# Kubota L2850 battery draining



## Gerry McDonald (Nov 1, 2019)

At my wits end. Battery is new, I get 0.64v draining somewhere (measured between the terminal and post). I pulled the fuses, disconnected the ignition switch and the voltage regulator wires connectors; still around 0.6 volts draining. I’d sure appreciate any ideas on where to go next.


----------



## rhino (Jan 9, 2017)

Remove wire from alternator. If still the same, you might be reading the volt meter doing it's job. Take the ground off battery and put a test light between ground post and ground cable end. With key switch off there should be no light, turning the switch on the test light should come on as there will be a draw.


----------



## Fedup (Feb 25, 2014)

You've made good start. You just haven't spent enough time at it. When I'm faced with a voltage draw I start at the alternator. The main output wire first, and if there is no change then the other wires one at at a time. Then maybe the fuses, but I start looking for circuits that are "hot all the time". Meaning connected to battery whether the engine is running or not when all switches are OFF. I find the alternator is usually the biggest culprit but not always. An old corroded flasher unit or light switch is also a likely candidate. I disconnect the easier to reach stuff first, then dig into the hard to reach places when all else fails. Don't forget to look behind the dash for a mouse nest or two. With "modern" tractors the computer(s) will always have a small draw due to memory circuits, but yours is old enough that this shouldn't be an issue.


----------



## Gerry McDonald (Nov 1, 2019)

rhino said:


> Remove wire from alternator. If still the same, you might be reading the volt meter doing it's job. Take the ground off battery and put a test light between ground post and ground cable end. With key switch off there should be no light, turning the switch on the test light should come on as there will be a draw.

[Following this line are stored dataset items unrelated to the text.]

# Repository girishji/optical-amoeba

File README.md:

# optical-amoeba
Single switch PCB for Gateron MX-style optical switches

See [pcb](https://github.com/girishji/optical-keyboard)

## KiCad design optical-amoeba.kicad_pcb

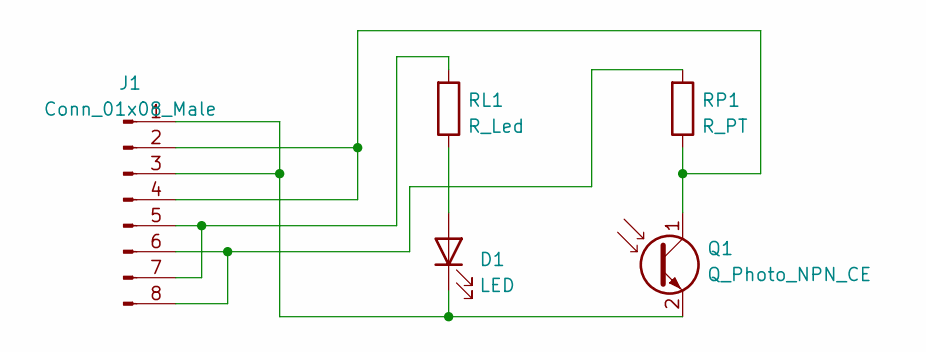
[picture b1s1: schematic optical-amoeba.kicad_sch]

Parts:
D1: LED; Everlight_IR_IR12-21C_TR8; JLC SMD_1.0x3.0x2.0
J1: Conn_01x08_Male; Gateron_Optical_Switch
Q1: Q_Photo_NPN_CE; Everlight_PT_PT12-21C_TR8; JLC SMD_1.0x3.0x2.0
RL1: R_Led; R_0603_1608Metric; JLC 0603-1608
RP1: R_PT; R_0805_2012Metric; JLC 0805-2012

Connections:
unnamed: D1.1 (K), J1.1, J1.3, Q1.2 (E)
unnamed: D1.2 (A), RL1.2
unnamed: J1.2, J1.4, Q1.1 (C), RP1.2
unnamed: J1.5, J1.7, RL1.1
unnamed: J1.6, J1.8, RP1.1

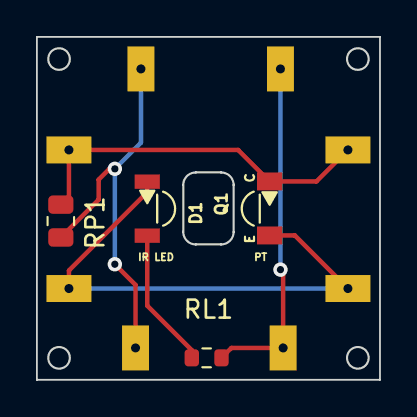
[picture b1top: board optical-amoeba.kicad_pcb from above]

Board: 2 copper layers, 19.1 x 19.0 mm, 5 parts (0 on the bottom side), 5 nets.

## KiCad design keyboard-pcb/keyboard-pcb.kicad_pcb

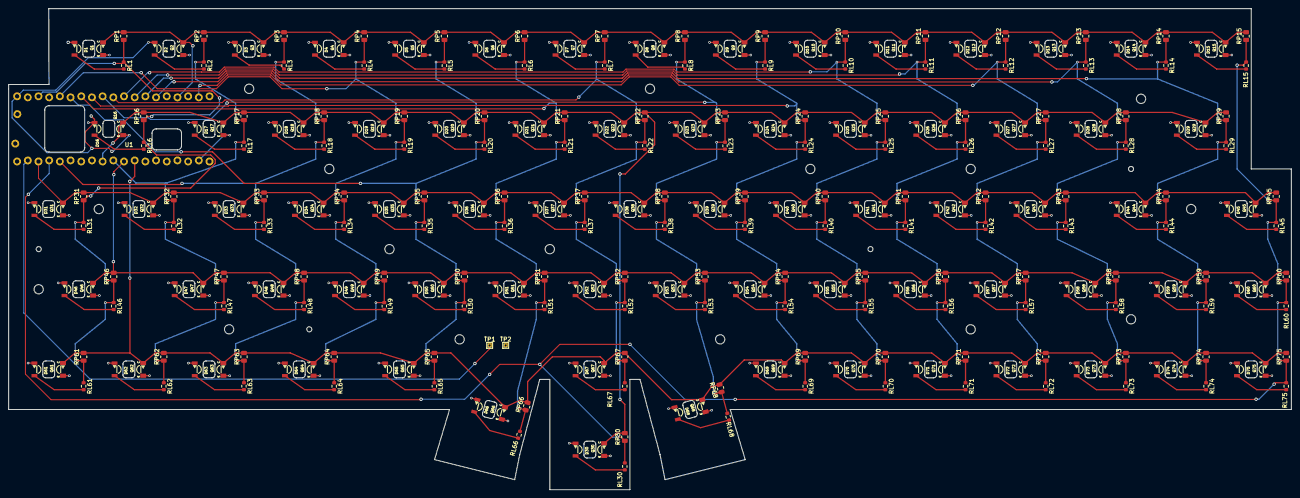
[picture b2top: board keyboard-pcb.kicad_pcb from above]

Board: 2 copper layers, 304.8 x 114.3 mm, 378 parts (0 on the bottom side), 97 nets.

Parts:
D1, D2, D3, D4, D5, D6, D7, D8, D9, D10, D11, D12, D13, D14, D15, D16, D17, D18, D19, D20, D21, D22, D23, D24, D25, D26, D27, D28, D29, D30, D31, D32, D33, D34, D35, D36, D37, D38, D39, D40, D41, D42, D43, D44, D45, D46, D47, D48, D49, D50, D51, D52, D53, D54, D55, D56, D57, D58, D59, D60, D61, D62, D63, D64, D65, D66, D67, D68, D69, D70, D71, D72, D73, D74, D75: IR_LED; Everlight_IR_IR12-21C_TR8
Q1, Q2, Q3, Q4, Q5, Q6, Q7, Q8, Q9, Q10, Q11, Q12, Q13, Q14, Q15, Q16, Q17, Q18, Q19, Q20, Q21, Q22, Q23, Q24, Q25, Q26, Q27, Q28, Q29, Q30, Q31, Q32, Q33, Q34, Q35, Q36, Q37, Q38, Q39, Q40, Q41, Q42, Q43, Q44, Q45, Q46, Q47, Q48, Q49, Q50, Q51, Q52, Q53, Q54, Q55, Q56, Q57, Q58, Q59, Q60, Q61, Q62, Q63, Q64, Q65, Q66, Q67, Q68, Q69, Q70, Q71, Q72, Q73, Q74, Q75: Q_Photo_NPN; Everlight_PT_PT12-21C_TR8
RL1, RL2, RL3, RL4, RL5, RL6, RL7, RL8, RL9, RL10, RL11, RL12, RL13, RL14, RL15, RL16, RL17, RL18, RL19, RL20, RL21, RL22, RL23, RL24, RL25, RL26, RL27, RL28, RL29, RL30, RL31, RL32, RL33, RL34, RL35, RL36, RL37, RL38, RL39, RL40, RL41, RL42, RL43, RL44, RL45, RL46, RL47, RL48, RL49, RL50, RL51, RL52, RL53, RL54, RL55, RL56, RL57, RL58, RL59, RL60, RL61, RL62, RL63, RL64, RL65, RL66, RL67, RL68, RL69, RL70, RL71, RL72, RL73, RL74, RL75: R_Led; R_0603_1608Metric
RP1, RP2, RP3, RP4, RP5, RP6, RP7, RP8, RP9, RP10, RP11, RP12, RP13, RP14, RP15, RP16, RP17, RP18, RP19, RP20, RP21, RP22, RP23, RP24, RP25, RP26, RP27, RP28, RP29, RP30, RP31, RP32, RP33, RP34, RP35, RP36, RP37, RP38, RP39, RP40, RP41, RP42, RP43, RP44, RP45, RP46, RP47, RP48, RP49, RP50, RP51, RP52, RP53, RP54, RP55, RP56, RP57, RP58, RP59, RP60, RP61, RP62, RP63, RP64, RP65, RP66, RP67, RP68, RP69, RP70, RP71, RP72, RP73, RP74, RP75: R_PT; R_0805_2012Metric
S1, S2, S3, S4, S5, S6, S7, S8, S9, S10, S11, S12, S13, S14, S15, S16, S17, S18, S19, S20, S21, S22, S23, S24, S25, S26, S27, S28, S29, S30, S31, S32, S33, S34, S35, S36, S37, S38, S39, S40, S41, S42, S43, S44, S45, S46, S47, S48, S49, S50, S51, S52, S53, S54, S55, S56, S57, S58, S59, S60, S61, S62, S63, S64, S65, S66, S67, S68, S69, S70, S71, S72, S73, S74, S75: Gateron_Optical; Gateron_Switch_Basic
TP1, TP2: TestPoint; TestPoint_THTPad_1.0x1.0mm_Drill0.5mm
U1: BlackPill; BlackPill_STLINK

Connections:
/Capslock_Led: TP1.1, U1.3 (PB14)
/col1: RL1.1, RL16.1, RL31.1, RL46.1, RL61.1, RP1.1, RP16.1, RP31.1, RP46.1, RP61.1, U1.37 (PB10)
/col2: RL2.1, RL17.1, RL32.1, RL47.1, RL62.1, RP2.1, RP17.1, RP32.1, RP47.1, RP62.1, U1.11 (PB3)
/col3: RL3.1, RL18.1, RL33.1, RL48.1, RL63.1, RP3.1, RP18.1, RP33.1, RP48.1, RP63.1, U1.6 (PA9)
/col4: RL4.1, RL19.1, RL34.1, RL49.1, RL64.1, RP4.1, RP19.1, RP34.1, RP49.1, RP64.1, U1.35 (PB1)
/col5: RL5.1, RL20.1, RL35.1, RL50.1, RL65.1, RP5.1, RP20.1, RP35.1, RP50.1, RP65.1, U1.34 (PB0)
/col6: RL6.1, RL21.1, RL36.1, RL51.1, RL66.1, RP6.1, RP21.1, RP36.1, RP51.1, RP66.1, U1.33 (PA7)
/col7: RL9.1, RL24.1, RL39.1, RL54.1, RL69.1, RP9.1, RP24.1, RP39.1, RP54.1, RP69.1, U1.32 (PA6)
/col8: RL8.1, RL23.1, RL38.1, RL53.1, RL68.1, RP8.1, RP23.1, RP38.1, RP53.1, RP68.1, U1.31 (PA5)
/col9: RL7.1, RL22.1, RL37.1, RL52.1, RL67.1, RP7.1, RP22.1, RP37.1, RP52.1, RP67.1, U1.30 (PA4)
/col10: RL10.1, RL25.1, RL40.1, RL55.1, RL70.1, RP10.1, RP25.1, RP40.1, RP55.1, RP70.1, U1.29 (PA3)
/col11: RL11.1, RL26.1, RL41.1, RL56.1, RL71.1, RP11.1, RP26.1, RP41.1, RP56.1, RP71.1, U1.28 (PA2)
/col12: RL14.1, RL29.1, RL44.1, RL59.1, RL74.1, RP14.1, RP29.1, RP44.1, RP59.1, RP74.1, U1.27 (PA1)
/col13: RL13.1, RL28.1, RL43.1, RL58.1, RL73.1, RP13.1, RP28.1, RP43.1, RP58.1, RP73.1, U1.26 (PA0)
/col14: RL12.1, RL27.1, RL42.1, RL57.1, RL72.1, RP12.1, RP27.1, RP42.1, RP57.1, RP72.1, U1.22 (PC13)
/col15: RL15.1, RL30.1, RL45.1, RL60.1, RL75.1, RP15.1, RP30.1, RP45.1, RP60.1, RP75.1, U1.5 (PA8)
/row1: Q1.1 (C), Q2.1 (C), Q3.1 (C), Q4.1 (C), Q5.1 (C), Q6.1 (C), Q7.1 (C), Q8.1 (C), Q9.1 (C), Q10.1 (C), Q11.1 (C), Q12.1 (C), Q13.1 (C), Q14.1 (C), Q15.1 (C), RP1.2, RP2.2, RP3.2, RP4.2, RP5.2, RP6.2, RP7.2, RP8.2, RP9.2, RP10.2, RP11.2, RP12.2, RP13.2, RP14.2, RP15.2, U1.24 (PC15)
/row2: Q16.1 (C), Q17.1 (C), Q18.1 (C), Q19.1 (C), Q20.1 (C), Q21.1 (C), Q22.1 (C), Q23.1 (C), Q24.1 (C), Q25.1 (C), Q26.1 (C), Q27.1 (C), Q28.1 (C), Q29.1 (C), Q30.1 (C), RP16.2, RP17.2, RP18.2, RP19.2, RP20.2, RP21.2, RP22.2, RP23.2, RP24.2, RP25.2, RP26.2, RP27.2, RP28.2, RP29.2, RP30.2, U1.10 (PA15)
/row3: Q31.1 (C), Q32.1 (C), Q33.1 (C), Q34.1 (C), Q35.1 (C), Q36.1 (C), Q37.1 (C), Q38.1 (C), Q39.1 (C), Q40.1 (C), Q41.1 (C), Q42.1 (C), Q43.1 (C), Q44.1 (C), Q45.1 (C), RP31.2, RP32.2, RP33.2, RP34.2, RP35.2, RP36.2, RP37.2, RP38.2, RP39.2, RP40.2, RP41.2, RP42.2, RP43.2, RP44.2, RP45.2, U1.4 (PB15)
/row4: Q46.1 (C), Q47.1 (C), Q48.1 (C), Q49.1 (C), Q50.1 (C), Q51.1 (C), Q52.1 (C), Q53.1 (C), Q54.1 (C), Q55.1 (C), Q56.1 (C), Q57.1 (C), Q58.1 (C), Q59.1 (C), Q60.1 (C), RP46.2, RP47.2, RP48.2, RP49.2, RP50.2, RP51.2, RP52.2, RP53.2, RP54.2, RP55.2, RP56.2, RP57.2, RP58.2, RP59.2, RP60.2, U1.12 (PB4)
/row5: Q61.1 (C), Q62.1 (C), Q63.1 (C), Q64.1 (C), Q65.1 (C), Q66.1 (C), Q67.1 (C), Q68.1 (C), Q69.1 (C), Q70.1 (C), Q71.1 (C), Q72.1 (C), Q73.1 (C), Q74.1 (C), Q75.1 (C), RP61.2, RP62.2, RP63.2, RP64.2, RP65.2, RP66.2, RP67.2, RP68.2, RP69.2, RP70.2, RP71.2, RP72.2, RP73.2, RP74.2, RP75.2, U1.13 (PB5)
GND: D1.1 (K), D2.1 (K), D3.1 (K), D4.1 (K), D5.1 (K), D6.1 (K), D7.1 (K), D8.1 (K), D9.1 (K), D10.1 (K), D11.1 (K), D12.1 (K), D13.1 (K), D14.1 (K), D15.1 (K), D16.1 (K), D17.1 (K), D18.1 (K), D19.1 (K), D20.1 (K), D21.1 (K), D22.1 (K), D23.1 (K), D24.1 (K), D25.1 (K), D26.1 (K), D27.1 (K), D28.1 (K), D29.1 (K), D30.1 (K), D31.1 (K), D32.1 (K), D33.1 (K), D34.1 (K), D35.1 (K), D36.1 (K), D37.1 (K), D38.1 (K), D39.1 (K), D40.1 (K), D41.1 (K), D42.1 (K), D43.1 (K), D44.1 (K), D45.1 (K), D46.1 (K), D47.1 (K), D48.1 (K), D49.1 (K), D50.1 (K), D51.1 (K), D52.1 (K), D53.1 (K), D54.1 (K), D55.1 (K), D56.1 (K), D57.1 (K), D58.1 (K), D59.1 (K), D60.1 (K), D61.1 (K), D62.1 (K), D63.1 (K), D64.1 (K), D65.1 (K), D66.1 (K), D67.1 (K), D68.1 (K), D69.1 (K), D70.1 (K), D71.1 (K), D72.1 (K), D73.1 (K), D74.1 (K), D75.1 (K), Q1.2 (E), Q2.2 (E), Q3.2 (E), Q4.2 (E), Q5.2 (E), Q6.2 (E), Q7.2 (E), Q8.2 (E), Q9.2 (E), Q10.2 (E), Q11.2 (E), Q12.2 (E), Q13.2 (E), Q14.2 (E), Q15.2 (E), Q16.2 (E), Q17.2 (E), Q18.2 (E), Q19.2 (E), Q20.2 (E), Q21.2 (E), Q22.2 (E), Q23.2 (E), Q24.2 (E), Q25.2 (E), Q26.2 (E), Q27.2 (E), Q28.2 (E), Q29.2 (E), Q30.2 (E), Q31.2 (E), Q32.2 (E), Q33.2 (E), Q34.2 (E), Q35.2 (E), Q36.2 (E), Q37.2 (E), Q38.2 (E), Q39.2 (E), Q40.2 (E), Q41.2 (E), Q42.2 (E), Q43.2 (E), Q44.2 (E), Q45.2 (E), Q46.2 (E), Q47.2 (E), Q48.2 (E), Q49.2 (E), Q50.2 (E), Q51.2 (E), Q52.2 (E), Q53.2 (E), Q54.2 (E), Q55.2 (E), Q56.2 (E), Q57.2 (E), Q58.2 (E), Q59.2 (E), Q60.2 (E), Q61.2 (E), Q62.2 (E), Q63.2 (E), Q64.2 (E), Q65.2 (E), Q66.2 (E), Q67.2 (E), Q68.2 (E), Q69.2 (E), Q70.2 (E), Q71.2 (E), Q72.2 (E), Q73.2 (E), Q74.2 (E), Q75.2 (E), TP2.1, U1.19 (GND), U1.39 (GND), U1.44 (GND)
unnamed: D1.2 (A), RL1.2
unnamed: D2.2 (A), RL2.2
unnamed: D3.2 (A), RL3.2
unnamed: D4.2 (A), RL4.2
unnamed: D5.2 (A), RL5.2
unnamed: D6.2 (A), RL6.2
unnamed: D7.2 (A), RL7.2
unnamed: D8.2 (A), RL8.2
unnamed: D9.2 (A), RL9.2
unnamed: D10.2 (A), RL10.2
unnamed: D11.2 (A), RL11.2
unnamed: D12.2 (A), RL12.2
unnamed: D13.2 (A), RL13.2
unnamed: D14.2 (A), RL14.2
unnamed: D15.2 (A), RL15.2
unnamed: D16.2 (A), RL16.2
unnamed: D17.2 (A), RL17.2
unnamed: D18.2 (A), RL18.2
unnamed: D19.2 (A), RL19.2
unnamed: D20.2 (A), RL20.2
unnamed: D21.2 (A), RL21.2
unnamed: D22.2 (A), RL22.2
unnamed: D23.2 (A), RL23.2
unnamed: D24.2 (A), RL24.2
unnamed: D25.2 (A), RL25.2
unnamed: D26.2 (A), RL26.2
unnamed: D27.2 (A), RL27.2
unnamed: D28.2 (A), RL28.2
unnamed: D29.2 (A), RL29.2
unnamed: D30.2 (A), RL30.2
unnamed: D31.2 (A), RL31.2
unnamed: D32.2 (A), RL32.2
unnamed: D33.2 (A), RL33.2
unnamed: D34.2 (A), RL34.2
unnamed: D35.2 (A), RL35.2
unnamed: D36.2 (A), RL36.2
unnamed: D37.2 (A), RL37.2
unnamed: D38.2 (A), RL38.2
unnamed: D39.2 (A), RL39.2
unnamed: D40.2 (A), RL40.2
unnamed: D41.2 (A), RL41.2
unnamed: D42.2 (A), RL42.2
unnamed: D43.2 (A), RL43.2
unnamed: D44.2 (A), RL44.2
unnamed: D45.2 (A), RL45.2
unnamed: D46.2 (A), RL46.2
unnamed: D47.2 (A), RL47.2
unnamed: D48.2 (A), RL48.2
unnamed: D49.2 (A), RL49.2
unnamed: D50.2 (A), RL50.2
unnamed: D51.2 (A), RL51.2
unnamed: D52.2 (A), RL52.2
unnamed: D53.2 (A), RL53.2
unnamed: D54.2 (A), RL54.2
unnamed: D55.2 (A), RL55.2
unnamed: D56.2 (A), RL56.2
unnamed: D57.2 (A), RL57.2
unnamed: D58.2 (A), RL58.2
unnamed: D59.2 (A), RL59.2
unnamed: D60.2 (A), RL60.2
unnamed: D61.2 (A), RL61.2
unnamed: D62.2 (A), RL62.2
unnamed: D63.2 (A), RL63.2
unnamed: D64.2 (A), RL64.2
unnamed: D65.2 (A), RL65.2
unnamed: D66.2 (A), RL66.2
unnamed: D67.2 (A), RL67.2
unnamed: D68.2 (A), RL68.2
unnamed: D69.2 (A), RL69.2
unnamed: D70.2 (A), RL70.2
unnamed: D71.2 (A), RL71.2
unnamed: D72.2 (A), RL72.2
unnamed: D73.2 (A), RL73.2
unnamed: D74.2 (A), RL74.2
unnamed: D75.2 (A), RL75.2

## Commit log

2022-06-03 Initial commit
    M .gitignore
    A Optical_Parts.pretty/Everlight_IR_IR12-21C_TR8.kicad_mod
    A Optical_Parts.pretty/Everlight_PT_PT12-21C_TR8.kicad_mod
    A Optical_Parts.pretty/Gateron_Optical_Switch.kicad_mod
    A Optical_Parts.pretty/MountingHole_1.2mm_M1.kicad_mod
    A Optical_Parts.pretty/TestPoint_THTPad_1.0x1.5mm_Drill0.5mm.kicad_mod
2022-06-10 Added PCB for full keyboard
    M .gitignore
    A OpticalSymbols_Library.kicad_sym
    A Optical_Parts.pretty/BlackPill_STLINK.kicad_mod
    M Optical_Parts.pretty/Everlight_IR_IR12-21C_TR8.kicad_mod
    M Optical_Parts.pretty/Everlight_PT_PT12-21C_TR8.kicad_mod
    M Optical_Parts.pretty/Gateron_Optical_Switch.kicad_mod
2022-06-13 Fixed outlines of edgecuts
    M .gitignore
    A Optical_Parts.pretty/MountingHole_2.2mm_M2.kicad_mod
    M keyboard-pcb/keyboard-pcb.kicad_pcb
    M keyboard-pcb/keyboard-pcb.kicad_prl
    M switch-cutout/switch-cutout.kicad_pcb
    M switch-cutout/switch-cutout.kicad_prl
2022-06-13 gitignore
    M .gitignore
2022-07-19 moved pcb to its own repository
    M OpticalSymbols_Library.kicad_sym
    M Optical_Parts.pretty/BlackPill_STLINK.kicad_mod
    A Optical_Parts.pretty/BlackPill_STLINK2.kicad_mod
    M Optical_Parts.pretty/Gateron_Switch_Basic.kicad_mod
    A Optical_Parts.pretty/MountingHole_2.2mm_M2_jlcpcb.kicad_mod
    A Optical_Parts.pretty/TestPoint_Plated_Hole_D1.2mm.kicad_mod
2022-07-30 Added footprints
    M Optical_Parts.pretty/BlackPill_STLINK.kicad_mod
    M Optical_Parts.pretty/BlackPill_STLINK2.kicad_mod
    M Optical_Parts.pretty/Everlight_IR_IR12-21C_TR8.kicad_mod
    M Optical_Parts.pretty/Everlight_PT_PT12-21C_TR8.kicad_mod
    M Optical_Parts.pretty/Gateron_Optical_Switch.kicad_mod
    M Optical_Parts.pretty/MountingHole_2.2mm_M2_jlcpcb.kicad_mod
2022-07-31 Separated power sourcde for PT and Led
    Having same power source necessiates a diode; Diode degrades
    performance at read pin
    M OpticalSymbols_Library.kicad_sym
    M Optical_Parts.pretty/Gateron_Optical_Switch.kicad_mod
    M optical-amoeba.kicad_pcb
    M optical-amoeba.kicad_prl
2022-08-03 Moved footprints to optical keyboard dir
    M Optical_Parts.pretty/BlackPill_STLINK2.kicad_mod
    D Optical_Parts.pretty/Switch_Cutout.kicad_mod
    D Optical_Parts.pretty/Switch_Cutout_1.25u.kicad_mod
    D Optical_Parts.pretty/Switch_Cutout_1.5u.kicad_mod
    D Optical_Parts.pretty/Switch_Cutout_1.75u.kicad_mod
2022-08-03 Add jlcpcb gerber and assembly files
    M OpticalSymbols_Library.kicad_sym
    A jlcpcb/gerber/optical-amoeba-B_Cu.gbl
    A jlcpcb/gerber/optical-amoeba-B_Mask.gbs
    A jlcpcb/gerber/optical-amoeba-B_Paste.gbp
    A jlcpcb/gerber/optical-amoeba-B_Silkscreen.gbo
    A jlcpcb/gerber/optical-amoeba-Edge_Cuts.gm1
2022-08-03 Add assembly files
    M .gitignore
    A jlcpcb/assembly/optical-amoeba-BOM.csv
    A jlcpcb/assembly/optical-amoeba-top-pos.csv

So I get around 0.6v between the negative post and the ground with the alternator wire on. It drops to 0.45v with the alternator wire off. I need to pick up a test light but I get 13v with the key switch turned on. Also I get 0.12v between the alternator wire and post. I took the alternator to a shop yesterday and it tested fine.


----------



## Gerry McDonald (Nov 1, 2019)

Fedup said:


> You've made good start. You just haven't spent enough time at it. When I'm faced with a voltage draw I start at the alternator. The main output wire first, and if there is no change then the other wires one at at a time. Then maybe the fuses, but I start looking for circuits that are "hot all the time". Meaning connected to battery whether the engine is running or not when all switches are OFF. I find the alternator is usually the biggest culprit but not always. An old corroded flasher unit or light switch is also a likely candidate. I disconnect the easier to reach stuff first, then dig into the hard to reach places when all else fails. Don't forget to look behind the dash for a mouse nest or two. With "modern" tractors the computer(s) will always have a small draw due to memory circuits, but yours is old enough that this shouldn't be an issue.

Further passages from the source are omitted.